***** RECORDS *****
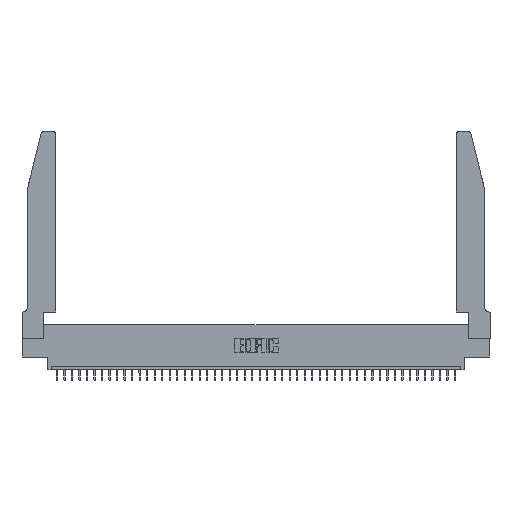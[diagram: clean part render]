
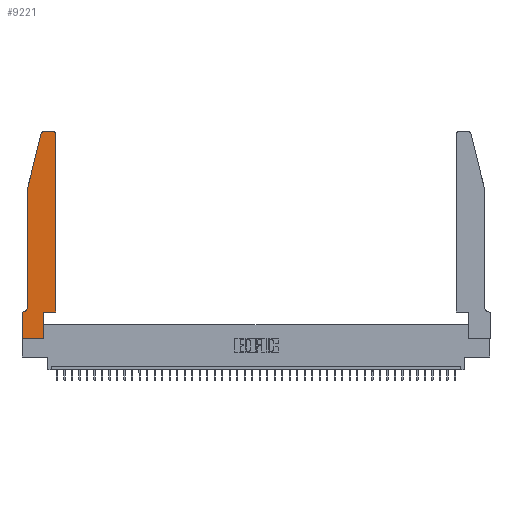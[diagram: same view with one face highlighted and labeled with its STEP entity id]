
A CAD part, top view. The second image highlights one B-rep face of the part: STEP entity #9221.
In plain terms, the highlighted planar face has unit normal (0, 0, 1).
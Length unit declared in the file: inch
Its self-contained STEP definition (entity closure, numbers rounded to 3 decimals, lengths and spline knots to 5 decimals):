
#59 = VERTEX_POINT ( 'NONE', #31259 ) ;
#351 = VERTEX_POINT ( 'NONE', #13891 ) ;
#720 = EDGE_CURVE ( 'NONE', #351, #17041, #19841, .T. ) ;
#1513 = CARTESIAN_POINT ( 'NONE',  ( 0., 0., 0.37 ) ) ;
#1694 = ORIENTED_EDGE ( 'NONE', *, *, #31160, .T. ) ;
#1753 = VERTEX_POINT ( 'NONE', #13670 ) ;
#1911 = EDGE_CURVE ( 'NONE', #17366, #59, #15906, .T. ) ;
#2623 = EDGE_CURVE ( 'NONE', #59, #30374, #23788, .T. ) ;
#2814 = EDGE_CURVE ( 'NONE', #20219, #16935, #39986, .T. ) ;
#2885 = VECTOR ( 'NONE', #20462, 39.37008 ) ;
#3379 = LINE ( 'NONE', #26292, #17463 ) ;
#4239 = ORIENTED_EDGE ( 'NONE', *, *, #34782, .T. ) ;
#4513 = CARTESIAN_POINT ( 'NONE',  ( 0.0055, 0.42, 0.37 ) ) ;
#5151 = VECTOR ( 'NONE', #13834, 39.37008 ) ;
#6038 = AXIS2_PLACEMENT_3D ( 'NONE', #42549, #15415, #28091 ) ;
#6269 = DIRECTION ( 'NONE',  ( -0.239, -0.971, 0. ) ) ;
#6774 = VERTEX_POINT ( 'NONE', #35194 ) ;
#6885 = CARTESIAN_POINT ( 'NONE',  ( 0.0755, 0.35, 0.37 ) ) ;
#8173 = CARTESIAN_POINT ( 'NONE',  ( 0.0755, 2., 0.37 ) ) ;
#8257 = AXIS2_PLACEMENT_3D ( 'NONE', #39397, #21595, #21823 ) ;
#8997 = CARTESIAN_POINT ( 'NONE',  ( 0.0755, 2., 0.37 ) ) ;
#9221 = ADVANCED_FACE ( 'NONE', ( #35826 ), #18710, .T. ) ;
#9319 = ORIENTED_EDGE ( 'NONE', *, *, #28696, .T. ) ;
#10005 = VECTOR ( 'NONE', #13059, 39.37008 ) ;
#10145 = CARTESIAN_POINT ( 'NONE',  ( 0.0755, 0.42, 0.37 ) ) ;
#10396 = VECTOR ( 'NONE', #26685, 39.37008 ) ;
#10504 = VECTOR ( 'NONE', #12122, 39.37008 ) ;
#12017 = AXIS2_PLACEMENT_3D ( 'NONE', #4513, #25850, #18089 ) ;
#12122 = DIRECTION ( 'NONE',  ( 0., -1., 0. ) ) ;
#13059 = DIRECTION ( 'NONE',  ( 1., 0., 0. ) ) ;
#13164 = CARTESIAN_POINT ( 'NONE',  ( 0.2865, 0.35, 0.37 ) ) ;
#13670 = CARTESIAN_POINT ( 'NONE',  ( 0.2865, 0.35, 0.37 ) ) ;
#13834 = DIRECTION ( 'NONE',  ( 0., 1., 0. ) ) ;
#13891 = CARTESIAN_POINT ( 'NONE',  ( 0.25487, 2.72718, 0.37 ) ) ;
#14302 = VERTEX_POINT ( 'NONE', #23094 ) ;
#14718 = CARTESIAN_POINT ( 'NONE',  ( 0.4205, 2.75, 0.37 ) ) ;
#15379 = CARTESIAN_POINT ( 'NONE',  ( 0., 0.35, 0.37 ) ) ;
#15415 = DIRECTION ( 'NONE',  ( 0., 0., 1. ) ) ;
#15906 = CIRCLE ( 'NONE', #12017, 0.07 ) ;
#16935 = VERTEX_POINT ( 'NONE', #20216 ) ;
#17041 = VERTEX_POINT ( 'NONE', #8173 ) ;
#17366 = VERTEX_POINT ( 'NONE', #10145 ) ;
#17463 = VECTOR ( 'NONE', #43438, 39.37008 ) ;
#18089 = DIRECTION ( 'NONE',  ( -1., 0., 0. ) ) ;
#18710 = PLANE ( 'NONE',  #32417 ) ;
#19616 = LINE ( 'NONE', #13164, #5151 ) ;
#19797 = LINE ( 'NONE', #40048, #10396 ) ;
#19841 = LINE ( 'NONE', #29624, #32869 ) ;
#20216 = CARTESIAN_POINT ( 'NONE',  ( 0.2865, 0., 0.37 ) ) ;
#20219 = VERTEX_POINT ( 'NONE', #1513 ) ;
#20462 = DIRECTION ( 'NONE',  ( -1., 0., 0. ) ) ;
#20490 = ORIENTED_EDGE ( 'NONE', *, *, #720, .T. ) ;
#20547 = ORIENTED_EDGE ( 'NONE', *, *, #25415, .T. ) ;
#21522 = LINE ( 'NONE', #35088, #24346 ) ;
#21595 = DIRECTION ( 'NONE',  ( 0., 0., 1. ) ) ;
#21823 = DIRECTION ( 'NONE',  ( 1., 0., 0. ) ) ;
#22254 = EDGE_CURVE ( 'NONE', #16935, #1753, #19616, .T. ) ;
#23094 = CARTESIAN_POINT ( 'NONE',  ( 0.4505, 2.72, 0.37 ) ) ;
#23788 = LINE ( 'NONE', #6885, #2885 ) ;
#24346 = VECTOR ( 'NONE', #28866, 39.37008 ) ;
#25231 = LINE ( 'NONE', #8997, #31005 ) ;
#25415 = EDGE_CURVE ( 'NONE', #14302, #34696, #26636, .T. ) ;
#25590 = DIRECTION ( 'NONE',  ( 1., 0., 0. ) ) ;
#25850 = DIRECTION ( 'NONE',  ( 0., 0., -1. ) ) ;
#26105 = DIRECTION ( 'NONE',  ( 0., -1., 0. ) ) ;
#26292 = CARTESIAN_POINT ( 'NONE',  ( 0.4505, 0.35, 0.37 ) ) ;
#26636 = CIRCLE ( 'NONE', #6038, 0.03 ) ;
#26685 = DIRECTION ( 'NONE',  ( -1., 0., 0. ) ) ;
#28091 = DIRECTION ( 'NONE',  ( 1., 0., 0. ) ) ;
#28514 = ORIENTED_EDGE ( 'NONE', *, *, #34399, .T. ) ;
#28598 = EDGE_CURVE ( 'NONE', #34696, #37657, #19797, .T. ) ;
#28696 = EDGE_CURVE ( 'NONE', #17041, #17366, #25231, .T. ) ;
#28866 = DIRECTION ( 'NONE',  ( 1., 0., 0. ) ) ;
#29086 = CARTESIAN_POINT ( 'NONE',  ( 0., 0., 0.37 ) ) ;
#29394 = CARTESIAN_POINT ( 'NONE',  ( 0., 0.35, 0.37 ) ) ;
#29624 = CARTESIAN_POINT ( 'NONE',  ( 0.0755, 2., 0.37 ) ) ;
#30238 = CARTESIAN_POINT ( 'NONE',  ( 0.284, 2.75, 0.37 ) ) ;
#30374 = VERTEX_POINT ( 'NONE', #29394 ) ;
#31005 = VECTOR ( 'NONE', #26105, 39.37008 ) ;
#31160 = EDGE_CURVE ( 'NONE', #1753, #6774, #21522, .T. ) ;
#31259 = CARTESIAN_POINT ( 'NONE',  ( 0.0055, 0.35, 0.37 ) ) ;
#31812 = EDGE_LOOP ( 'NONE', ( #36307, #4239, #20490, #9319, #42034, #32398, #43866, #39582, #34440, #1694, #28514, #20547 ) ) ;
#32398 = ORIENTED_EDGE ( 'NONE', *, *, #2623, .T. ) ;
#32417 = AXIS2_PLACEMENT_3D ( 'NONE', #15379, #32495, #25590 ) ;
#32495 = DIRECTION ( 'NONE',  ( 0., 0., 1. ) ) ;
#32798 = CARTESIAN_POINT ( 'NONE',  ( 0., 0., 0.37 ) ) ;
#32869 = VECTOR ( 'NONE', #6269, 39.37008 ) ;
#34399 = EDGE_CURVE ( 'NONE', #6774, #14302, #3379, .T. ) ;
#34440 = ORIENTED_EDGE ( 'NONE', *, *, #22254, .T. ) ;
#34696 = VERTEX_POINT ( 'NONE', #14718 ) ;
#34782 = EDGE_CURVE ( 'NONE', #37657, #351, #38117, .T. ) ;
#35088 = CARTESIAN_POINT ( 'NONE',  ( 0.4505, 0.35, 0.37 ) ) ;
#35194 = CARTESIAN_POINT ( 'NONE',  ( 0.4505, 0.35, 0.37 ) ) ;
#35826 = FACE_OUTER_BOUND ( 'NONE', #31812, .T. ) ;
#36307 = ORIENTED_EDGE ( 'NONE', *, *, #28598, .T. ) ;
#37657 = VERTEX_POINT ( 'NONE', #30238 ) ;
#38117 = CIRCLE ( 'NONE', #8257, 0.03 ) ;
#38523 = EDGE_CURVE ( 'NONE', #30374, #20219, #42611, .T. ) ;
#39397 = CARTESIAN_POINT ( 'NONE',  ( 0.284, 2.72, 0.37 ) ) ;
#39582 = ORIENTED_EDGE ( 'NONE', *, *, #2814, .T. ) ;
#39986 = LINE ( 'NONE', #29086, #10005 ) ;
#40048 = CARTESIAN_POINT ( 'NONE',  ( 0.2605, 2.75, 0.37 ) ) ;
#42034 = ORIENTED_EDGE ( 'NONE', *, *, #1911, .T. ) ;
#42549 = CARTESIAN_POINT ( 'NONE',  ( 0.4205, 2.72, 0.37 ) ) ;
#42611 = LINE ( 'NONE', #32798, #10504 ) ;
#43438 = DIRECTION ( 'NONE',  ( 0., 1., 0. ) ) ;
#43866 = ORIENTED_EDGE ( 'NONE', *, *, #38523, .T. ) ;
*****
▶ **WHAT IS REQUIRED**: In the entries above, find the line that contains "#13670 = CARTESIAN_POINT", then repeat exactly every line from the first one through that line, with no pictures.

▶ **REPLY TO THE EXERCISE**:
[diagram: clean part render]
[diagram: same view with one face highlighted and labeled with its STEP entity id]
A CAD part, top view. The second image highlights one B-rep face of the part: STEP entity #9221.
In plain terms, the highlighted planar face has unit normal (0, 0, 1).
Length unit declared in the file: inch
Its self-contained STEP definition (entity closure, numbers rounded to 3 decimals, lengths and spline knots to 5 decimals):
#59 = VERTEX_POINT ( 'NONE', #31259 ) ;
#351 = VERTEX_POINT ( 'NONE', #13891 ) ;
#720 = EDGE_CURVE ( 'NONE', #351, #17041, #19841, .T. ) ;
#1513 = CARTESIAN_POINT ( 'NONE',  ( 0., 0., 0.37 ) ) ;
#1694 = ORIENTED_EDGE ( 'NONE', *, *, #31160, .T. ) ;
#1753 = VERTEX_POINT ( 'NONE', #13670 ) ;
#1911 = EDGE_CURVE ( 'NONE', #17366, #59, #15906, .T. ) ;
#2623 = EDGE_CURVE ( 'NONE', #59, #30374, #23788, .T. ) ;
#2814 = EDGE_CURVE ( 'NONE', #20219, #16935, #39986, .T. ) ;
#2885 = VECTOR ( 'NONE', #20462, 39.37008 ) ;
#3379 = LINE ( 'NONE', #26292, #17463 ) ;
#4239 = ORIENTED_EDGE ( 'NONE', *, *, #34782, .T. ) ;
#4513 = CARTESIAN_POINT ( 'NONE',  ( 0.0055, 0.42, 0.37 ) ) ;
#5151 = VECTOR ( 'NONE', #13834, 39.37008 ) ;
#6038 = AXIS2_PLACEMENT_3D ( 'NONE', #42549, #15415, #28091 ) ;
#6269 = DIRECTION ( 'NONE',  ( -0.239, -0.971, 0. ) ) ;
#6774 = VERTEX_POINT ( 'NONE', #35194 ) ;
#6885 = CARTESIAN_POINT ( 'NONE',  ( 0.0755, 0.35, 0.37 ) ) ;
#8173 = CARTESIAN_POINT ( 'NONE',  ( 0.0755, 2., 0.37 ) ) ;
#8257 = AXIS2_PLACEMENT_3D ( 'NONE', #39397, #21595, #21823 ) ;
#8997 = CARTESIAN_POINT ( 'NONE',  ( 0.0755, 2., 0.37 ) ) ;
#9221 = ADVANCED_FACE ( 'NONE', ( #35826 ), #18710, .T. ) ;
#9319 = ORIENTED_EDGE ( 'NONE', *, *, #28696, .T. ) ;
#10005 = VECTOR ( 'NONE', #13059, 39.37008 ) ;
#10145 = CARTESIAN_POINT ( 'NONE',  ( 0.0755, 0.42, 0.37 ) ) ;
#10396 = VECTOR ( 'NONE', #26685, 39.37008 ) ;
#10504 = VECTOR ( 'NONE', #12122, 39.37008 ) ;
#12017 = AXIS2_PLACEMENT_3D ( 'NONE', #4513, #25850, #18089 ) ;
#12122 = DIRECTION ( 'NONE',  ( 0., -1., 0. ) ) ;
#13059 = DIRECTION ( 'NONE',  ( 1., 0., 0. ) ) ;
#13164 = CARTESIAN_POINT ( 'NONE',  ( 0.2865, 0.35, 0.37 ) ) ;
#13670 = CARTESIAN_POINT ( 'NONE',  ( 0.2865, 0.35, 0.37 ) ) ;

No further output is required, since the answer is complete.